**TASK TO CARRY OUT**
Starting at the top of the entries below, write out each line up to and including the one containing "color=color, linetype=linetype, lineweight=lineweight)". Leave the pictures out.

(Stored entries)

·····

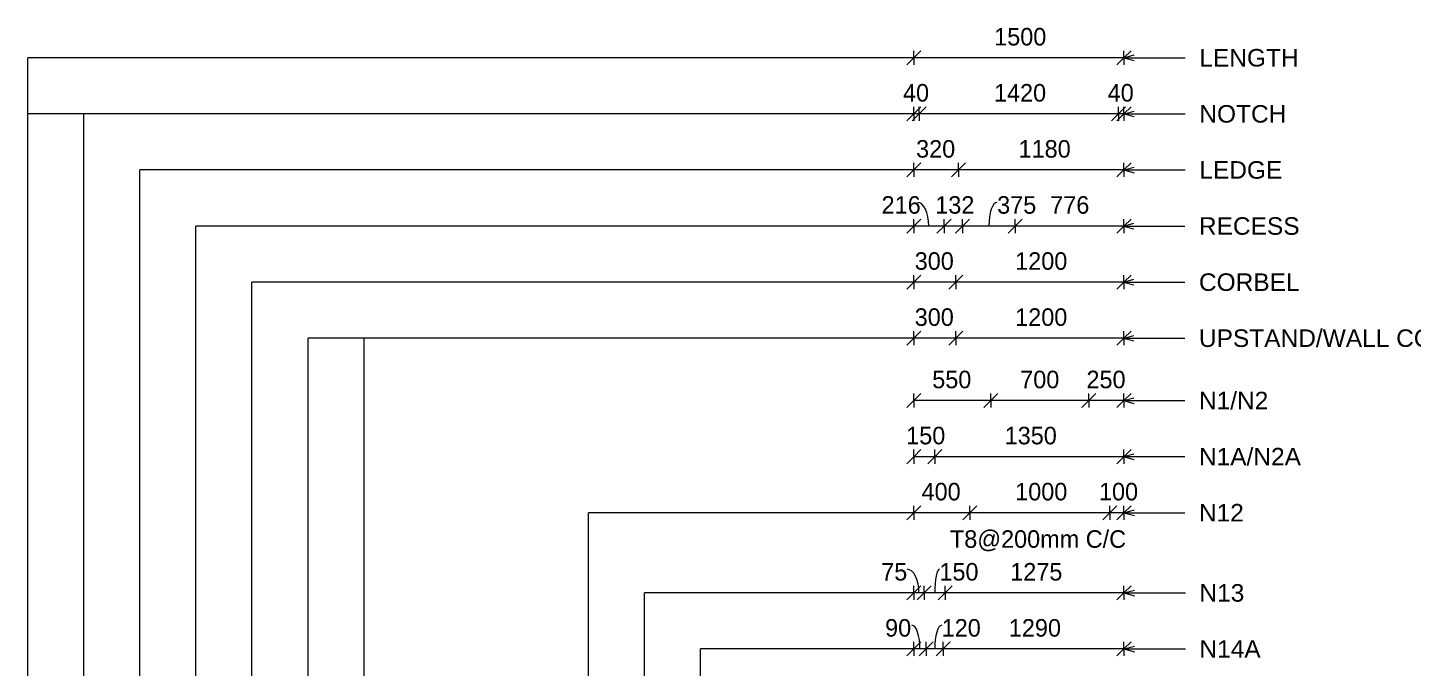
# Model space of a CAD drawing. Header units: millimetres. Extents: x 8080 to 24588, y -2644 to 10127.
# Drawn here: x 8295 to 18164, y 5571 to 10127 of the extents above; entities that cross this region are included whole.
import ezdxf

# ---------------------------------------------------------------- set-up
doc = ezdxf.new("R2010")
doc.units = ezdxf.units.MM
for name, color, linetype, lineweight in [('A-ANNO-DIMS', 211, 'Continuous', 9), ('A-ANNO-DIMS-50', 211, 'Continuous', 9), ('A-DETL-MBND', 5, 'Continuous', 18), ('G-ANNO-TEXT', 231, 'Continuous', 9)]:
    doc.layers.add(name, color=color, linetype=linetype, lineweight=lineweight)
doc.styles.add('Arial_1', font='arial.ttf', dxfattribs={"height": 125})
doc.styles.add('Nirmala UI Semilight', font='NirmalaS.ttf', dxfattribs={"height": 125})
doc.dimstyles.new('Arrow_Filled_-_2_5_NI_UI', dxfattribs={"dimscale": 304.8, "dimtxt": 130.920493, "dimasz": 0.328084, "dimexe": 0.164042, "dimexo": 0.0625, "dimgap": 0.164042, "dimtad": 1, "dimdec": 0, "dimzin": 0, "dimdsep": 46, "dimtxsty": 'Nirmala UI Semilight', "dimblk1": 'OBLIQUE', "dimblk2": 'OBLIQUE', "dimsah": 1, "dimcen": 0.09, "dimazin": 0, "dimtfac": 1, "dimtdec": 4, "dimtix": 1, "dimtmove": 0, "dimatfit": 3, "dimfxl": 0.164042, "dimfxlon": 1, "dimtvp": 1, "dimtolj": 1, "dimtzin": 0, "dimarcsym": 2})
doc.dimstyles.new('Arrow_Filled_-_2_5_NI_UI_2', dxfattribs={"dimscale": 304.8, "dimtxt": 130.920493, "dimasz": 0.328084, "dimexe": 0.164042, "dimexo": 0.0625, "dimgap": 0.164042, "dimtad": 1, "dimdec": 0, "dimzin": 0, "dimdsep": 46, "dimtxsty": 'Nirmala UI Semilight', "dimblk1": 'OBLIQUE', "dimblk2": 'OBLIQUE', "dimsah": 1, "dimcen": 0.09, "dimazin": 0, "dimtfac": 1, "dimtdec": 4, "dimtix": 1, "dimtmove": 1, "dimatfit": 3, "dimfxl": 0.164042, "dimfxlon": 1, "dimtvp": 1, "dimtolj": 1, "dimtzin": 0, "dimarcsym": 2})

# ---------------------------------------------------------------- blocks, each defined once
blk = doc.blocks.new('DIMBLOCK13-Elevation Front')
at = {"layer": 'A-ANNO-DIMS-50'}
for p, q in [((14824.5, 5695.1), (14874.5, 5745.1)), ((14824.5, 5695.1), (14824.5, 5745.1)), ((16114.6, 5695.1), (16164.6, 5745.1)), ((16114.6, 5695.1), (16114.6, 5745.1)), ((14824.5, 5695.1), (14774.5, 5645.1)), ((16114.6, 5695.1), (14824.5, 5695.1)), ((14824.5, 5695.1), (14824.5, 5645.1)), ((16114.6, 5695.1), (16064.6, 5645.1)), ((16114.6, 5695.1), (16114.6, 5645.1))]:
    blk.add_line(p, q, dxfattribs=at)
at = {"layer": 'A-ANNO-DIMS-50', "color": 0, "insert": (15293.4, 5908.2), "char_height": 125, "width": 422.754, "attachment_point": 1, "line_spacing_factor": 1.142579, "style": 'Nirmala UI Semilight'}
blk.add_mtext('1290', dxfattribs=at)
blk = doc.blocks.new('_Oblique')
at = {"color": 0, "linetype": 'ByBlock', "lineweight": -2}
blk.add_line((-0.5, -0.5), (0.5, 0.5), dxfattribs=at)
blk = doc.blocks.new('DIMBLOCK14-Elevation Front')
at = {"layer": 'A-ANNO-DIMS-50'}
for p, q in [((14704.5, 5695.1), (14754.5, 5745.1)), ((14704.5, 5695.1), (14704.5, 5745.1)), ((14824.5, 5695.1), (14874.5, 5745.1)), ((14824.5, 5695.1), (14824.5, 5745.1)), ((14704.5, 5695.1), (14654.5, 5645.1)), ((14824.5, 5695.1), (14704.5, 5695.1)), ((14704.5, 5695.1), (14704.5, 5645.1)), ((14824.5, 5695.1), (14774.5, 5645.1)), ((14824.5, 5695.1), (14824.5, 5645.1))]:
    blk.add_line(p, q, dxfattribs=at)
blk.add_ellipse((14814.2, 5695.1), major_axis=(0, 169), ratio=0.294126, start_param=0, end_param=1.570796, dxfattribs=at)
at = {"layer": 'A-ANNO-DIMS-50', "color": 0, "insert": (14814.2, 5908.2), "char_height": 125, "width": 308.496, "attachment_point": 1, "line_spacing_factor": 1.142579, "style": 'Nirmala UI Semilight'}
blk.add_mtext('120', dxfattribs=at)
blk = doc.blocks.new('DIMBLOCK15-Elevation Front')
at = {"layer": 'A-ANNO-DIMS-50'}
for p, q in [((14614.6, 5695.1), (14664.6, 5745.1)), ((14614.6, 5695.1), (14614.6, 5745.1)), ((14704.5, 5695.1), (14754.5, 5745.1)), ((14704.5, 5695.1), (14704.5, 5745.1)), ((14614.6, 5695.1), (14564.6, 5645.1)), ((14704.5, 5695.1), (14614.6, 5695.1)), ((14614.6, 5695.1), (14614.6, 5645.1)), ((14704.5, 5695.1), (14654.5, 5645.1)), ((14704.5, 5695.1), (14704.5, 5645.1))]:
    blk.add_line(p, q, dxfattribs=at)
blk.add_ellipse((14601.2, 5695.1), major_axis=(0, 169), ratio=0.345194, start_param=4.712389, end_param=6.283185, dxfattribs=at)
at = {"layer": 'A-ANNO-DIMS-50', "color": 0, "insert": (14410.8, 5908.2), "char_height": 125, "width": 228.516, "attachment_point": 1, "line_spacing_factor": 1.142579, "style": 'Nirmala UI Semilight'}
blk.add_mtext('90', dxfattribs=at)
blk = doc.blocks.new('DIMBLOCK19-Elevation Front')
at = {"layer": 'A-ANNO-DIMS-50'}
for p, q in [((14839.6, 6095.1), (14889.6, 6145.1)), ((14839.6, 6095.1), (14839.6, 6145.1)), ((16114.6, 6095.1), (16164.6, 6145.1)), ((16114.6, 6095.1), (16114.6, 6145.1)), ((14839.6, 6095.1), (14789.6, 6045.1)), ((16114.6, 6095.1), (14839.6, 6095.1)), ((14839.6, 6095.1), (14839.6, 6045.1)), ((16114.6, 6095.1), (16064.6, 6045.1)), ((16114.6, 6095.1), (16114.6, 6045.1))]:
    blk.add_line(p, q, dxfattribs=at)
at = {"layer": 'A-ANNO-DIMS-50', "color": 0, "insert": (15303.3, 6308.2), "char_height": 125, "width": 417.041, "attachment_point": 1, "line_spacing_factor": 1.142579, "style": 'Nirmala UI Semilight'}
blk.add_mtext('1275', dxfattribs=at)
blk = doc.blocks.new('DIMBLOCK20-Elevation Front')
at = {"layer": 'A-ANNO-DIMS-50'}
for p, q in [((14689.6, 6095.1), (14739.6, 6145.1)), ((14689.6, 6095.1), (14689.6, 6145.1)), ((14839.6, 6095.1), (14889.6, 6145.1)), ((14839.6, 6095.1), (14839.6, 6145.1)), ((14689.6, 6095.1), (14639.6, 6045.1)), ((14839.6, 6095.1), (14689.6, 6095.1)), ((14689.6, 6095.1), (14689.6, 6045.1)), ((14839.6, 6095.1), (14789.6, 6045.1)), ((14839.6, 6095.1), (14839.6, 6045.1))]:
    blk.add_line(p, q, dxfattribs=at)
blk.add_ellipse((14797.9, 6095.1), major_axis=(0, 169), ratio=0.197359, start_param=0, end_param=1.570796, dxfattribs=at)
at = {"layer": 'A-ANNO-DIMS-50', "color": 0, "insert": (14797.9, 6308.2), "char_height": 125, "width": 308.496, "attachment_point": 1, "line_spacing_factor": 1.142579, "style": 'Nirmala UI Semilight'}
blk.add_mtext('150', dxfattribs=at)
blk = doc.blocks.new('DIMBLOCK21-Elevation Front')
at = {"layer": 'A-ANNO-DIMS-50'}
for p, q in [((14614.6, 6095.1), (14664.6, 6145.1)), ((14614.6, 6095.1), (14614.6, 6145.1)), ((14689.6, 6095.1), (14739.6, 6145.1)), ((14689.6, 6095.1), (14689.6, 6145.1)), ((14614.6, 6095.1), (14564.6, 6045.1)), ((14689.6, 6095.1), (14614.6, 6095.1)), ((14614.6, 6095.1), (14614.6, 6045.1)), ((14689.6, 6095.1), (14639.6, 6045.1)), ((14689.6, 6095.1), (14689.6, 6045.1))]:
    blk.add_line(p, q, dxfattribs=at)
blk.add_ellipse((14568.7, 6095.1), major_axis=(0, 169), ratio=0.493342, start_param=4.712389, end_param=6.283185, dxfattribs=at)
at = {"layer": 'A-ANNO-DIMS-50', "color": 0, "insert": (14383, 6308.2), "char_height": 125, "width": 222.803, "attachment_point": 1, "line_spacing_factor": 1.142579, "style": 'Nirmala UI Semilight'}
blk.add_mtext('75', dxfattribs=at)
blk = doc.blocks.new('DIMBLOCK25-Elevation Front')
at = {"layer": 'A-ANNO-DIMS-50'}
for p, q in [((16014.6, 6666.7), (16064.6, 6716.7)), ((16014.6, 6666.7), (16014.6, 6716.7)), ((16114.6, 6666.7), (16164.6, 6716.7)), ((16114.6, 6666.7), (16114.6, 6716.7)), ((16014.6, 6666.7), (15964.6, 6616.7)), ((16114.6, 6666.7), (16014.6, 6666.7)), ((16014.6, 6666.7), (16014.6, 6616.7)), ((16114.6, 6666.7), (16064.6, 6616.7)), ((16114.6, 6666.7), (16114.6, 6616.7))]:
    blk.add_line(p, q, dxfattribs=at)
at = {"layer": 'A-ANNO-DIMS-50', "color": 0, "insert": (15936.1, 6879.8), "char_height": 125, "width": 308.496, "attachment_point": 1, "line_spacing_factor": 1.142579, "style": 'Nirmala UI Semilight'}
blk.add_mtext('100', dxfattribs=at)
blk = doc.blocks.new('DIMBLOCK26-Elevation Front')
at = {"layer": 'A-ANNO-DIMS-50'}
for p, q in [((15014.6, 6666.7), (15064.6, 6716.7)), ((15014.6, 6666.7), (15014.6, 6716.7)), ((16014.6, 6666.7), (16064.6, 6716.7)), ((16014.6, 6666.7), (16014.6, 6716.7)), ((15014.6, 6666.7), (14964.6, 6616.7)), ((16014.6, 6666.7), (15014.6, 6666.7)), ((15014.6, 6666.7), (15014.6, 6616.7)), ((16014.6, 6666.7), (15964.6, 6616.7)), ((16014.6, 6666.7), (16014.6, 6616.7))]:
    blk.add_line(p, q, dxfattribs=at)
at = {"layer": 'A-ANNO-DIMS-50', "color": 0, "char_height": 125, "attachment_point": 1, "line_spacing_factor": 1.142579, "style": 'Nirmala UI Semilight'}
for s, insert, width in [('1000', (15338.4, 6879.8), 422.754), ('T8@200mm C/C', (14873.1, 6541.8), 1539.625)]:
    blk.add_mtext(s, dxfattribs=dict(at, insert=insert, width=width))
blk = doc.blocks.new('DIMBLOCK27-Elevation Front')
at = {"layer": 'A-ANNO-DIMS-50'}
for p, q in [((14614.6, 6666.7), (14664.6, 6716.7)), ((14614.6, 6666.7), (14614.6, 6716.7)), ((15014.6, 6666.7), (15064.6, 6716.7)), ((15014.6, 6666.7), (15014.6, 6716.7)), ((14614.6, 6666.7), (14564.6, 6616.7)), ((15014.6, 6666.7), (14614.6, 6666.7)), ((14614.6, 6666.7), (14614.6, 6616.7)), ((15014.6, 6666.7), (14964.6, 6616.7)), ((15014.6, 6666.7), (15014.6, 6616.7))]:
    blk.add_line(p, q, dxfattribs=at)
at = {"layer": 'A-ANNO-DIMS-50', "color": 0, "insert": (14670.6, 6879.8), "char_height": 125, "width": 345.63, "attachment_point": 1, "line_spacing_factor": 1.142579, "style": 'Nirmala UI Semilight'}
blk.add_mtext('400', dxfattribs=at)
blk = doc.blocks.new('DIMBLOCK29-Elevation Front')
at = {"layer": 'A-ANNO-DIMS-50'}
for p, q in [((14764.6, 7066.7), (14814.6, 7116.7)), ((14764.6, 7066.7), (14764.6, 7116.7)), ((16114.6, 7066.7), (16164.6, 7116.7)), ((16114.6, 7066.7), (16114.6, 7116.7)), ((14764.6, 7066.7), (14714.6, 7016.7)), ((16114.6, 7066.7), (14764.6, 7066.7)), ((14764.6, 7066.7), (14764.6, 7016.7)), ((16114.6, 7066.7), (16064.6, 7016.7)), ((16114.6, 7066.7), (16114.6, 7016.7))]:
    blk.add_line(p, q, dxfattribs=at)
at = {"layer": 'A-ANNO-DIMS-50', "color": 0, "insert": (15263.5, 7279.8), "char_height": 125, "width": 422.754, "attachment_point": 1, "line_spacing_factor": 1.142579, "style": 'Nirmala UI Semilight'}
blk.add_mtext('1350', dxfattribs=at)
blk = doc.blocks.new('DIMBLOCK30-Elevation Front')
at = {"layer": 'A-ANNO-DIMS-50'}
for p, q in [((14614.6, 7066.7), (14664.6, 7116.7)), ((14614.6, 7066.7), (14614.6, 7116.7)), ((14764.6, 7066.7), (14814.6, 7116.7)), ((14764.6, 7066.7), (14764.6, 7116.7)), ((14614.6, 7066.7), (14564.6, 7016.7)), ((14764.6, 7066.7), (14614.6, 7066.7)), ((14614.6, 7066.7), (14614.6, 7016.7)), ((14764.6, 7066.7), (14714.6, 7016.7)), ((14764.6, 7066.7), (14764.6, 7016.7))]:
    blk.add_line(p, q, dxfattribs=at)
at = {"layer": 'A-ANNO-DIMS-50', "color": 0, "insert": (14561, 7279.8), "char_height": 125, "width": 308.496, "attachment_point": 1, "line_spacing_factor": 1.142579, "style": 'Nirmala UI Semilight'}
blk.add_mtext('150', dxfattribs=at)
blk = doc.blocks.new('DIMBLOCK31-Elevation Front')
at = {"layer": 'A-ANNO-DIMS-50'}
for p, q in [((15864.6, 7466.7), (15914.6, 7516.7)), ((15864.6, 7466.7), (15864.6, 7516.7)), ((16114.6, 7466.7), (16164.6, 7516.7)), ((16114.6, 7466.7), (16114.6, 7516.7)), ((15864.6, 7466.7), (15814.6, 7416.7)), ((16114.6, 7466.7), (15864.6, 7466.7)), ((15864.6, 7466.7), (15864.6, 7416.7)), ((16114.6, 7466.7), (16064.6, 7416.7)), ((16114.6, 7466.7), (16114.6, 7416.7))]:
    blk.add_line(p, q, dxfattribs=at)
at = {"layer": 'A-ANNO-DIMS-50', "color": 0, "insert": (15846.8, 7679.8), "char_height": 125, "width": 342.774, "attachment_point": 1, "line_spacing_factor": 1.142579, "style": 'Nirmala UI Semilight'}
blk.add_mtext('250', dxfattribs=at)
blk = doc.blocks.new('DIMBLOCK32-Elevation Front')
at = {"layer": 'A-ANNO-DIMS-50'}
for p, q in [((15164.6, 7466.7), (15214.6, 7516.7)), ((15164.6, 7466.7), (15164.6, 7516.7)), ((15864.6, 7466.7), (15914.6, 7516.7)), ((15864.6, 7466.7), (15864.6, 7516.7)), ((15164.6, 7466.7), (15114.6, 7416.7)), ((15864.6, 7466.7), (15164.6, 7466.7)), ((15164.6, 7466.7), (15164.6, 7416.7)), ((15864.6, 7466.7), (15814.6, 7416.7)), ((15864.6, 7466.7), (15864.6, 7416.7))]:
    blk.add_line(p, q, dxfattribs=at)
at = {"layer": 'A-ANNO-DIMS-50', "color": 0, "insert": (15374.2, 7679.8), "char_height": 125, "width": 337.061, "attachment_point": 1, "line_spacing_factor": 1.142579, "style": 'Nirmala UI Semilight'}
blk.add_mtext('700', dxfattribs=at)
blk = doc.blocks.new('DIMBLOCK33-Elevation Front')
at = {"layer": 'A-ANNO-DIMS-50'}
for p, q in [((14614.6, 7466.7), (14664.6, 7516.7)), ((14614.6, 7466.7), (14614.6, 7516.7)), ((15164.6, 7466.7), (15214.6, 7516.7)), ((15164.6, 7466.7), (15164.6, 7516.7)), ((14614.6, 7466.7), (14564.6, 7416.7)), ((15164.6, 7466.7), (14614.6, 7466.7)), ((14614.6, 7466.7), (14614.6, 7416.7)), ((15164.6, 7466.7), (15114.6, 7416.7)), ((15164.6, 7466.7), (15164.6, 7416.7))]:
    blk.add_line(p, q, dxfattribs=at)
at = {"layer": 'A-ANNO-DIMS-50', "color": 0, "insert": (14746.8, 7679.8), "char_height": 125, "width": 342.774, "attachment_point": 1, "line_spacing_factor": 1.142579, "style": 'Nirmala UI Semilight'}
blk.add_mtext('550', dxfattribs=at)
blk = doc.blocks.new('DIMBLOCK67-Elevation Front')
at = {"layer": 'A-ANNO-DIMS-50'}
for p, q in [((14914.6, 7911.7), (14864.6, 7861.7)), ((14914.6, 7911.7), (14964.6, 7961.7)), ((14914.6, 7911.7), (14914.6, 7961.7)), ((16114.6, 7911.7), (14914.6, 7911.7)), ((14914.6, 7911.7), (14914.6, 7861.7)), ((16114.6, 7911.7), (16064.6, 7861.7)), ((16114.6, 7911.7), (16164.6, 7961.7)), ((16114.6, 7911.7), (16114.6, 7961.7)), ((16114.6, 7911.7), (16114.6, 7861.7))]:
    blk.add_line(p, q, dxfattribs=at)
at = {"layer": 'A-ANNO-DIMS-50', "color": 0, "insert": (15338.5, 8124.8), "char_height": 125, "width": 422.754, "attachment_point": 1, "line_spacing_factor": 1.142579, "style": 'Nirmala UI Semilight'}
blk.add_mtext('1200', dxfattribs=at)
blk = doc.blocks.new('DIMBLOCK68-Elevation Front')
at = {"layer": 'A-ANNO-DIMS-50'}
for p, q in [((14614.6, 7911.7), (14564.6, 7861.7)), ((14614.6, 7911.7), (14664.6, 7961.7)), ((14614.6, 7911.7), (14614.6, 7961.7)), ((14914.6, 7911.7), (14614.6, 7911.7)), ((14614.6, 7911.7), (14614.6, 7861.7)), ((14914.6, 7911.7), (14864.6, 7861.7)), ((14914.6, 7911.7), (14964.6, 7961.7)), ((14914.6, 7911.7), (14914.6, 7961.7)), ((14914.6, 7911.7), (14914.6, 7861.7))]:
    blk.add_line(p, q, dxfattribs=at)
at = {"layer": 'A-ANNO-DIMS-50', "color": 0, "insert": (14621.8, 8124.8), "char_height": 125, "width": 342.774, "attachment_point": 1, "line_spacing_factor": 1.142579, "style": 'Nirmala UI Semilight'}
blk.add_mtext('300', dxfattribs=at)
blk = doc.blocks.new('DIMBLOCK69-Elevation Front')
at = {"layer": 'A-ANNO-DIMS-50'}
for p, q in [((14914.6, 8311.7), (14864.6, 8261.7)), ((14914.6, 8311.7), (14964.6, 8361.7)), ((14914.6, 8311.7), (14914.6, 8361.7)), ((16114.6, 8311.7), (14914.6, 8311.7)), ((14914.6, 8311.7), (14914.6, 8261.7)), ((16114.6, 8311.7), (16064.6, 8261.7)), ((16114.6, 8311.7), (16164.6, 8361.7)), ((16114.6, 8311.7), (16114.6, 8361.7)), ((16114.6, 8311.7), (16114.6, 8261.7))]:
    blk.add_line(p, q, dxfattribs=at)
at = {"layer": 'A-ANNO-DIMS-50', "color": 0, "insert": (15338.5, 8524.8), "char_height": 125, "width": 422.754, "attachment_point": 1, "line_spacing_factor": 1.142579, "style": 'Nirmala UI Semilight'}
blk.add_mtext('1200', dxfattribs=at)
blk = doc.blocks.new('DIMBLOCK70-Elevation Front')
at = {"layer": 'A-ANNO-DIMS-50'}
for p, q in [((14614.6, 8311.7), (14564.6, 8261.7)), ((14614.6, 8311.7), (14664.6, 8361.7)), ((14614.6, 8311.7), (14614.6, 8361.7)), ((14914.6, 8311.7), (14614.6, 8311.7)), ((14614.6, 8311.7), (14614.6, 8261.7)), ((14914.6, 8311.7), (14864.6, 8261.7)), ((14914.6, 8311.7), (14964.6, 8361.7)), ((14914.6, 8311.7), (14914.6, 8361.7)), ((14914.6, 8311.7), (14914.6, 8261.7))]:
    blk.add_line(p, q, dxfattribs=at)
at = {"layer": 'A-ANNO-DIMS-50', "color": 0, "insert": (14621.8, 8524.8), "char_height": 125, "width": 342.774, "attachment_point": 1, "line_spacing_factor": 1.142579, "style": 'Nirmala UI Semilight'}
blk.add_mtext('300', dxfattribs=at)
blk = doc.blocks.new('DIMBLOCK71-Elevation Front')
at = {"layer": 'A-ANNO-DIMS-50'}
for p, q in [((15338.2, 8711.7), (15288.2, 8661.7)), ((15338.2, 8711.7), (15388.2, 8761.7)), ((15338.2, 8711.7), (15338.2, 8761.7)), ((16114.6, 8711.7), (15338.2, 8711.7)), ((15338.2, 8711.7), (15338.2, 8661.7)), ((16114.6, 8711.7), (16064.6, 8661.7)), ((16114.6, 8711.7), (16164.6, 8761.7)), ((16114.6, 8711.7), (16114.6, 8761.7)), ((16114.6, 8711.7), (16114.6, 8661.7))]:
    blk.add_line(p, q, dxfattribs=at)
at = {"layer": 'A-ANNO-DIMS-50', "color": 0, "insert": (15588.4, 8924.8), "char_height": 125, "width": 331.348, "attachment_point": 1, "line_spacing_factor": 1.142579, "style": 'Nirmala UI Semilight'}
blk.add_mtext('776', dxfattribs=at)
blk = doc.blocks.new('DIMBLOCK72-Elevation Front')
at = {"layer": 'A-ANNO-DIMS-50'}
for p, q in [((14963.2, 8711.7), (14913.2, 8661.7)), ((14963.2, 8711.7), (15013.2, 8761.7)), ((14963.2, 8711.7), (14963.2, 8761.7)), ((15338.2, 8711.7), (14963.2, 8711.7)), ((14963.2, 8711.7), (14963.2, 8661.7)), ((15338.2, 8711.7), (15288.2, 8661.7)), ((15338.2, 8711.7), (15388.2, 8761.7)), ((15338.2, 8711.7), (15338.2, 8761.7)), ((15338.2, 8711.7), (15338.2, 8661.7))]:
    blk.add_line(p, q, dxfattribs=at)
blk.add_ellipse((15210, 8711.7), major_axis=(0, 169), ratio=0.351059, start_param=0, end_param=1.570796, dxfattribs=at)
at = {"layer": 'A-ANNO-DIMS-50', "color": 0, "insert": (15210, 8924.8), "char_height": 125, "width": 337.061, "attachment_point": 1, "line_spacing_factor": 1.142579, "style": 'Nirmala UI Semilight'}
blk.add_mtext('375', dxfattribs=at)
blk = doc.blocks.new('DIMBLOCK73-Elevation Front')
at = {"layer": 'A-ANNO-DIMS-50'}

·····

**TASK RESULT**
# Model space of a CAD drawing. Header units: millimetres. Extents: x 8080 to 24588, y -2644 to 10127.
# Drawn here: x 8295 to 18164, y 5571 to 10127 of the extents above; entities that cross this region are included whole.
import ezdxf

# ---------------------------------------------------------------- set-up
doc = ezdxf.new("R2010")
doc.units = ezdxf.units.MM
for name, color, linetype, lineweight in [('A-ANNO-DIMS', 211, 'Continuous', 9), ('A-ANNO-DIMS-50', 211, 'Continuous', 9), ('A-DETL-MBND', 5, 'Continuous', 18), ('G-ANNO-TEXT', 231, 'Continuous', 9)]:
    doc.layers.add(name, color=color, linetype=linetype, lineweight=lineweight)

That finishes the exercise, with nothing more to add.